***** Records supplied

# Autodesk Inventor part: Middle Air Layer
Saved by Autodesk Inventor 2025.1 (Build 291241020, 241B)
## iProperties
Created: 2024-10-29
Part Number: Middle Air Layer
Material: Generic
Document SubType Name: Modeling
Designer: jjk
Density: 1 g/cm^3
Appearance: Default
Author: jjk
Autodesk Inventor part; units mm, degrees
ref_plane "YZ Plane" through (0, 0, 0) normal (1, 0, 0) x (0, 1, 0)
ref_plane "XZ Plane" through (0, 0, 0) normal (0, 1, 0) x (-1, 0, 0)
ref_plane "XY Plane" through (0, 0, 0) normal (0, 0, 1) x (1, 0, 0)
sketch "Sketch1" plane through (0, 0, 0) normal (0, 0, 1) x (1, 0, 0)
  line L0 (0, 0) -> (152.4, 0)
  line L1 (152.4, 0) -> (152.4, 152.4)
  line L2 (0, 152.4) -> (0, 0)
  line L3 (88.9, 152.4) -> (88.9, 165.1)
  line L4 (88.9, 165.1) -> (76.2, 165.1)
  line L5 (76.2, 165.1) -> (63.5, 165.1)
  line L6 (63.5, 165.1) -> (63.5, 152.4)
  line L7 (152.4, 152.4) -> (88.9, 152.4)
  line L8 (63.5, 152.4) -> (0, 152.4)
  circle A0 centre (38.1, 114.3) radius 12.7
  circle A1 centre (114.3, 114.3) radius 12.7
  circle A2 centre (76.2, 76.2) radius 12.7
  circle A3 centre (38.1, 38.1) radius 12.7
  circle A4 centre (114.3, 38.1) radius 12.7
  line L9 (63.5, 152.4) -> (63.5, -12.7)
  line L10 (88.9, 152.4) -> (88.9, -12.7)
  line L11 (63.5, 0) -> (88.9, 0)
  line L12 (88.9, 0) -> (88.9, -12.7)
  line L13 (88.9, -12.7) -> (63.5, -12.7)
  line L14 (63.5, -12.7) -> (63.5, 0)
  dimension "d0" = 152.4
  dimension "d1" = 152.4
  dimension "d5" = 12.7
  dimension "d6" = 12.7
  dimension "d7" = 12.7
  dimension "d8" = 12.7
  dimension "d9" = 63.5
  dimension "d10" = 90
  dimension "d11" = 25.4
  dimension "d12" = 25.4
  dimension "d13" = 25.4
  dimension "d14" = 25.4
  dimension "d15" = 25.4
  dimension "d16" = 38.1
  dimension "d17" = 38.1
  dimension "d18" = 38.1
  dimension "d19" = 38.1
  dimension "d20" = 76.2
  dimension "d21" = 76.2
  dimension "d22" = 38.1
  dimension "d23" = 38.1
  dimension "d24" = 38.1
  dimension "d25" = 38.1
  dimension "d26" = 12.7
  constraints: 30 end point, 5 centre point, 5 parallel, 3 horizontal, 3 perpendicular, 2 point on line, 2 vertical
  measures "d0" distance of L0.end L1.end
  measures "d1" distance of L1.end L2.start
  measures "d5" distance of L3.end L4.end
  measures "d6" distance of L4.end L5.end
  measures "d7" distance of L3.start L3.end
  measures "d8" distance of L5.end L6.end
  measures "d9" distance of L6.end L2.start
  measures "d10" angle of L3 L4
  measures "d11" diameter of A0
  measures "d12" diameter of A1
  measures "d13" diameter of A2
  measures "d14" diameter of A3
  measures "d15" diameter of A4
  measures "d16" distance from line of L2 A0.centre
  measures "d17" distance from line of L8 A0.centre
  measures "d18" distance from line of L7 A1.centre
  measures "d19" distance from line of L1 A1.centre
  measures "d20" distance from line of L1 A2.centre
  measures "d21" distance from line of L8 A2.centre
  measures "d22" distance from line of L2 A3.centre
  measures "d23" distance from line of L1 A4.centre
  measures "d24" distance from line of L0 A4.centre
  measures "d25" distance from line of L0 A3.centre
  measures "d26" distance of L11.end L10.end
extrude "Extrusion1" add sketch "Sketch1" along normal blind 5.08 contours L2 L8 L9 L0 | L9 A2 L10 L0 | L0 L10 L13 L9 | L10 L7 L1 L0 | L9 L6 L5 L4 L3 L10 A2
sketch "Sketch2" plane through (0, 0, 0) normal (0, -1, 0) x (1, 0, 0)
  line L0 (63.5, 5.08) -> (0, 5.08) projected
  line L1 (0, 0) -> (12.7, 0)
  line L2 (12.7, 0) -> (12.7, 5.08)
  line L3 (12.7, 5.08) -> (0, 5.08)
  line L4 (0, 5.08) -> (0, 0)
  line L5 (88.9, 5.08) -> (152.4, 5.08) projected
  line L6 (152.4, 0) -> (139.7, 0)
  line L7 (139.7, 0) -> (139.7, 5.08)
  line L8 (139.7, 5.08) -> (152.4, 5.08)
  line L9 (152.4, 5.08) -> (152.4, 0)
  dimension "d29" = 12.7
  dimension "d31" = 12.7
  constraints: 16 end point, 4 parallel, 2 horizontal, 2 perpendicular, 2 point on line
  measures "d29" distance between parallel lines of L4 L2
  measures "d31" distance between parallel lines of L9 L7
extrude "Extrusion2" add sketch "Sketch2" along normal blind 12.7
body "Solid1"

**********

— Brief —
Please retype the records above starting with the line that contains "normal blind 12.7" and stopping after the last line, changing nothing.

— Expected answer —
extrude "Extrusion2" add sketch "Sketch2" along normal blind 12.7
body "Solid1"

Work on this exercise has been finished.